CODEWITHSUNDEEP
javaalgorithmgeometrypolygon
Adam
Adam

Reputation: 5141

Is a point inside regular hexagon

I'm looking for advice on the best way to proceed. I'm trying to find whether a given point A:(a, b) is inside a regular hexagon, defined with center O:(x, y) and diameter of circumscribing circle.

It seems like overkill to use Ray-casting, or Winding-number to determine this, for such a simple case, and I'm currently looking at the option of finding the angle (from horizontal) of the line OA, and "normalising" (probably not the right word) it into one of the 6 equilateral triangles and seeing if this new point lies within this triangle.

I get the feeling I'm missing something simple, and there's an easy way (or if I'm really lucky, a Java API) to do this simply and efficiently.

Thanks for your help.

Edit: The hexagon is oriented such that one of the sides is flat with the horizontal.

Upvotes: 13

Views: 14974

Answers (9)

symil
symil

Reputation: 21

Alright, it is 2024 and this question is still seriously lacking a simple yet complete code with a proper explanation. This is TypeScript, but works the same in any language.

function isPointInsideHexagon(px: number, py: number, cx: number, cy: number, radius: number) {
    let sqrt3 = Math.sqrt(3);

    let dx = (px - cx) / radius;
    let dy = (py - cy) / radius;

    return dy > -sqrt3 / 2
        && dy < sqrt3 / 2
        && sqrt3 * dx + sqrt3 > dy
        && sqrt3 * dx - sqrt3 < dy
        && -sqrt3 * dx + sqrt3 > dy
        && -sqrt3 * dx - sqrt3 < dy
}
  • (px, py) are the coordinates of the point to check
  • (cx, cy) are the coordinates of the center of the hexagon
  • radius is the distance from the center to any vertex of the hexagon

Explanation

Here we assume that the Y axis goes up: point (1,1) is top-right of point (0,0). However since it's a regular hexagon, the code works regardless of axis orientation.

We basically want to check, for each side of the hexagon, if both the point to check and the center of the hexagon are on the same side.

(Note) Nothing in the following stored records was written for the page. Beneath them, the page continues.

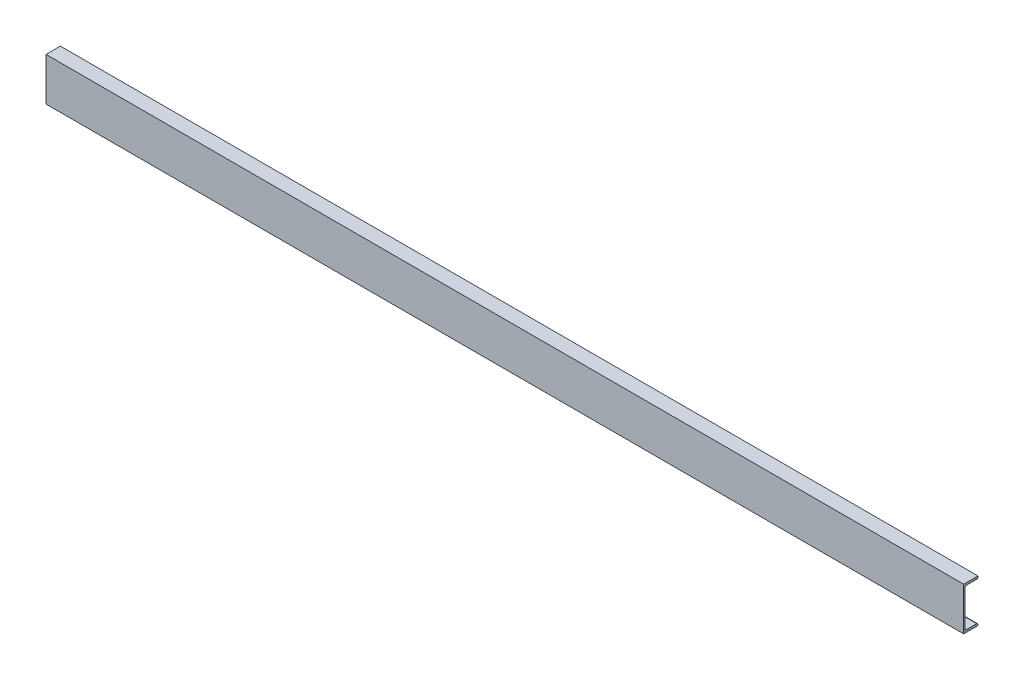
ISO-10303-21;
HEADER;
FILE_DESCRIPTION(('STEP AP214'),'2;1');
FILE_NAME('part.step','',(''),(''),'','','');
FILE_SCHEMA(('AUTOMOTIVE_DESIGN { 1 0 10303 214 1 1 1 1 }'));
ENDSEC;
DATA;
#1=APPLICATION_CONTEXT('core data for automotive mechanical design processes');
#2=APPLICATION_PROTOCOL_DEFINITION('international standard','automotive_design',2000,#1);
#3=PRODUCT_CONTEXT('',#1,'mechanical');
#4=PRODUCT('Part','Part','',(#3));
#5=PRODUCT_RELATED_PRODUCT_CATEGORY('part','',(#4));
#6=PRODUCT_DEFINITION_FORMATION('','',#4);
#7=PRODUCT_DEFINITION_CONTEXT('part definition',#1,'design');
#8=PRODUCT_DEFINITION('design','',#6,#7);
#9=PRODUCT_DEFINITION_SHAPE('','',#8);
#10=(LENGTH_UNIT() NAMED_UNIT(*) SI_UNIT(.MILLI.,.METRE.));
#11=(NAMED_UNIT(*) PLANE_ANGLE_UNIT() SI_UNIT($,.RADIAN.));
#12=(NAMED_UNIT(*) SI_UNIT($,.STERADIAN.) SOLID_ANGLE_UNIT());
#13=UNCERTAINTY_MEASURE_WITH_UNIT(LENGTH_MEASURE(1.E-05),#10,'distance_accuracy_value','');
#14=(GEOMETRIC_REPRESENTATION_CONTEXT(3) GLOBAL_UNCERTAINTY_ASSIGNED_CONTEXT((#13)) GLOBAL_UNIT_ASSIGNED_CONTEXT((#10,
#11,#12)) REPRESENTATION_CONTEXT('',''));
#15=CARTESIAN_POINT('',(0.,0.,0.));
#16=DIRECTION('',(0.,0.,1.));
#17=DIRECTION('',(1.,0.,0.));
#18=AXIS2_PLACEMENT_3D('',#15,#16,#17);
#19=CARTESIAN_POINT('',(6400.,107.879598662207,86.6220735785954));
#20=DIRECTION('',(0.,0.,1.));
#21=DIRECTION('',(1.,0.,0.));
#22=AXIS2_PLACEMENT_3D('',#19,#20,#21);
#23=PLANE('',#22);
#24=DIRECTION('',(0.,1.,0.));
#25=VECTOR('',#24,1.);
#26=CARTESIAN_POINT('',(0.,107.879598662207,86.6220735785954));
#27=LINE('',#26,#25);
#28=CARTESIAN_POINT('',(0.,107.879598662207,86.6220735785954));
#29=VERTEX_POINT('',#28);
#30=CARTESIAN_POINT('',(0.,113.879598662207,86.6220735785954));
#31=VERTEX_POINT('',#30);
#32=EDGE_CURVE('E152',#29,#31,#27,.T.);
#33=ORIENTED_EDGE('',*,*,#32,.T.);
#34=DIRECTION('',(-1.,0.,0.));
#35=VECTOR('',#34,1.);
#36=CARTESIAN_POINT('',(6400.,113.879598662207,86.6220735785954));
#37=LINE('',#36,#35);
#38=CARTESIAN_POINT('',(6400.,113.879598662207,86.6220735785954));
#39=VERTEX_POINT('',#38);
#40=EDGE_CURVE('E11',#39,#31,#37,.T.);
#41=ORIENTED_EDGE('',*,*,#40,.F.);
#42=DIRECTION('',(0.,1.,0.));
#43=VECTOR('',#42,1.);
#44=CARTESIAN_POINT('',(6400.,107.879598662207,86.6220735785954));
#45=LINE('',#44,#43);
#46=CARTESIAN_POINT('',(6400.,107.879598662207,86.6220735785954));
#47=VERTEX_POINT('',#46);
#48=EDGE_CURVE('E174',#47,#39,#45,.T.);
#49=ORIENTED_EDGE('',*,*,#48,.F.);
#50=DIRECTION('',(-1.,0.,0.));
#51=VECTOR('',#50,1.);
#52=CARTESIAN_POINT('',(6400.,107.879598662207,86.6220735785954));
#53=LINE('',#52,#51);
#54=EDGE_CURVE('E148',#47,#29,#53,.T.);
#55=ORIENTED_EDGE('',*,*,#54,.T.);
#56=EDGE_LOOP('',(#33,#41,#49,#55));
#57=FACE_BOUND('',#56,.T.);
#58=ADVANCED_FACE('F32',(#57),#23,.F.);
#59=CARTESIAN_POINT('',(6400.,113.879598662207,86.6220735785954));
#60=DIRECTION('',(0.,-1.,0.));
#61=DIRECTION('',(0.,0.,-1.));
#62=AXIS2_PLACEMENT_3D('',#59,#60,#61);
#63=PLANE('',#62);
#64=DIRECTION('',(0.,0.,1.));
#65=VECTOR('',#64,1.);
#66=CARTESIAN_POINT('',(0.,113.879598662207,86.6220735785954));
#67=LINE('',#66,#65);
#68=CARTESIAN_POINT('',(0.,113.879598662207,186.622073578595));
#69=VERTEX_POINT('',#68);
#70=EDGE_CURVE('E155',#31,#69,#67,.T.);
#71=ORIENTED_EDGE('',*,*,#70,.T.);
#72=DIRECTION('',(-1.,0.,0.));
#73=VECTOR('',#72,1.);
#74=CARTESIAN_POINT('',(6400.,113.879598662207,186.622073578595));
#75=LINE('',#74,#73);
#76=CARTESIAN_POINT('',(6400.,113.879598662207,186.622073578595));
#77=VERTEX_POINT('',#76);
#78=EDGE_CURVE('E40',#77,#69,#75,.T.);
#79=ORIENTED_EDGE('',*,*,#78,.F.);
#80=DIRECTION('',(0.,0.,1.));
#81=VECTOR('',#80,1.);
#82=CARTESIAN_POINT('',(6400.,113.879598662207,86.6220735785954));
#83=LINE('',#82,#81);
#84=EDGE_CURVE('E103',#39,#77,#83,.T.);
#85=ORIENTED_EDGE('',*,*,#84,.F.);
#86=ORIENTED_EDGE('',*,*,#40,.T.);
#87=EDGE_LOOP('',(#71,#79,#85,#86));
#88=FACE_BOUND('',#87,.T.);
#89=ADVANCED_FACE('F252',(#88),#63,.F.);
#90=CARTESIAN_POINT('',(6400.,113.879598662207,186.622073578595));
#91=DIRECTION('',(0.,0.,-1.));
#92=DIRECTION('',(-1.,0.,0.));
#93=AXIS2_PLACEMENT_3D('',#90,#91,#92);
#94=PLANE('',#93);
#95=DIRECTION('',(0.,-1.,0.));
#96=VECTOR('',#95,1.);
#97=CARTESIAN_POINT('',(0.,113.879598662207,186.622073578595));
#98=LINE('',#97,#96);
#99=CARTESIAN_POINT('',(0.,-186.120401337793,186.622073578595));
#100=VERTEX_POINT('',#99);
#101=EDGE_CURVE('E157',#69,#100,#98,.T.);
#102=ORIENTED_EDGE('',*,*,#101,.T.);
#103=DIRECTION('',(-1.,0.,0.));
#104=VECTOR('',#103,1.);
#105=CARTESIAN_POINT('',(6400.,-186.120401337793,186.622073578595));
#106=LINE('',#105,#104);
#107=CARTESIAN_POINT('',(6400.,-186.120401337793,186.622073578595));
#108=VERTEX_POINT('',#107);
#109=EDGE_CURVE('E193',#108,#100,#106,.T.);
#110=ORIENTED_EDGE('',*,*,#109,.F.);
#111=DIRECTION('',(0.,-1.,0.));
#112=VECTOR('',#111,1.);
#113=CARTESIAN_POINT('',(6400.,113.879598662207,186.622073578595));
#114=LINE('',#113,#112);
#115=EDGE_CURVE('E201',#77,#108,#114,.T.);
#116=ORIENTED_EDGE('',*,*,#115,.F.);
#117=ORIENTED_EDGE('',*,*,#78,.T.);
#118=EDGE_LOOP('',(#102,#110,#116,#117));
#119=FACE_BOUND('',#118,.T.);
#120=ADVANCED_FACE('F199',(#119),#94,.F.);
#121=CARTESIAN_POINT('',(6400.,-186.120401337793,186.622073578595));
#122=DIRECTION('',(0.,1.,0.));
#123=DIRECTION('',(0.,0.,1.));
#124=AXIS2_PLACEMENT_3D('',#121,#122,#123);
#125=PLANE('',#124);
#126=DIRECTION('',(0.,0.,-1.));
#127=VECTOR('',#126,1.);
#128=CARTESIAN_POINT('',(0.,-186.120401337793,186.622073578595));
#129=LINE('',#128,#127);
#130=CARTESIAN_POINT('',(0.,-186.120401337793,86.6220735785954));
#131=VERTEX_POINT('',#130);
#132=EDGE_CURVE('E159',#100,#131,#129,.T.);
#133=ORIENTED_EDGE('',*,*,#132,.T.);
#134=DIRECTION('',(-1.,0.,0.));
#135=VECTOR('',#134,1.);
#136=CARTESIAN_POINT('',(6400.,-186.120401337793,86.6220735785954));
#137=LINE('',#136,#135);
#138=CARTESIAN_POINT('',(6400.,-186.120401337793,86.6220735785954));
#139=VERTEX_POINT('',#138);
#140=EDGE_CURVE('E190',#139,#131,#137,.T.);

First, we convert the point coordinates for convenience:

let dx = (px - cx) / radius;
let dy = (py - cy) / radius;

From now on, (dx, dy) is the point to check, (0,0) is the center of the hexagon, and the radius of the hexagon is 1. This makes followup equations simpler.

Top and bottom sides

These are the simplest to check because they are horizontal lines. The Y coordinate of the top side is sqrt(3) / 2, and the Y coordinate of the bottom side is the opposite, -sqrt(3) / 2.

So we check with dy < sqrt3 / 2 and dy > -sqrt3 / 2 that the point is between these two lines.

Diagonal sides

There are 4 diagonal sides, for which the equations are (for an hexagon of center (0,0) and radius 1):

  • top-left: y = sqrt(3) * x + sqrt(3)
  • top-right: y = -sqrt(3) * x + sqrt(3)
  • bottom-right: y = sqrt(3) * x - sqrt(3)
  • bottom-left: y = -sqrt(3) * x - sqrt(3)

To know if two points are on the same side of a line, we plug their coordinates in the line equation and we check which side of the equation is greater that the other. If the same side is greater for both points, it means they are on the same side.

Let's have an example with the top-left side. We want to check if the point (0.5, 0.5) is on the same side as the center. So we plug the coordinates:

  • For the point to check (0.5, 0.5):
    • Left side : y = 0.5
    • Right side : -sqrt(3) * x + sqrt(3) = -sqrt(3) * 0.5 + sqrt(3) ≈ 0.866
    • -> Right side is greater
  • For the center of the hexagon (0, 0):
    • Left side : y = 0
    • Right side : -sqrt(3) * x + sqrt(3) = -sqrt(3) * 0 + sqrt(3) ≈ 1.732
    • -> Right side is greater

In both cases, the right side is greater than the left side thus we can conclude that both points (0, 0) and (0.5, 0.5) are on the same side of the top-right side of the hexagon.

If we try with the point (1, 1):

  • For the point to check (1, 1):
    • Left side : y = 1
    • Right side : -sqrt(3) * x + sqrt(3) = -sqrt(3) * 1 + sqrt(3) = 0
    • -> Left side is greater
  • For the center of the hexagon (0, 0):
    • Left side : y = 0
    • Right side : -sqrt(3) * x + sqrt(3) = -sqrt(3) * 0 + sqrt(3) ≈ 1.732
    • -> Right side is greater

A different side is greater for each point, thus the point (1, 1) is not on the same side as the center of the hexagon, thus it is is outside the hexagon.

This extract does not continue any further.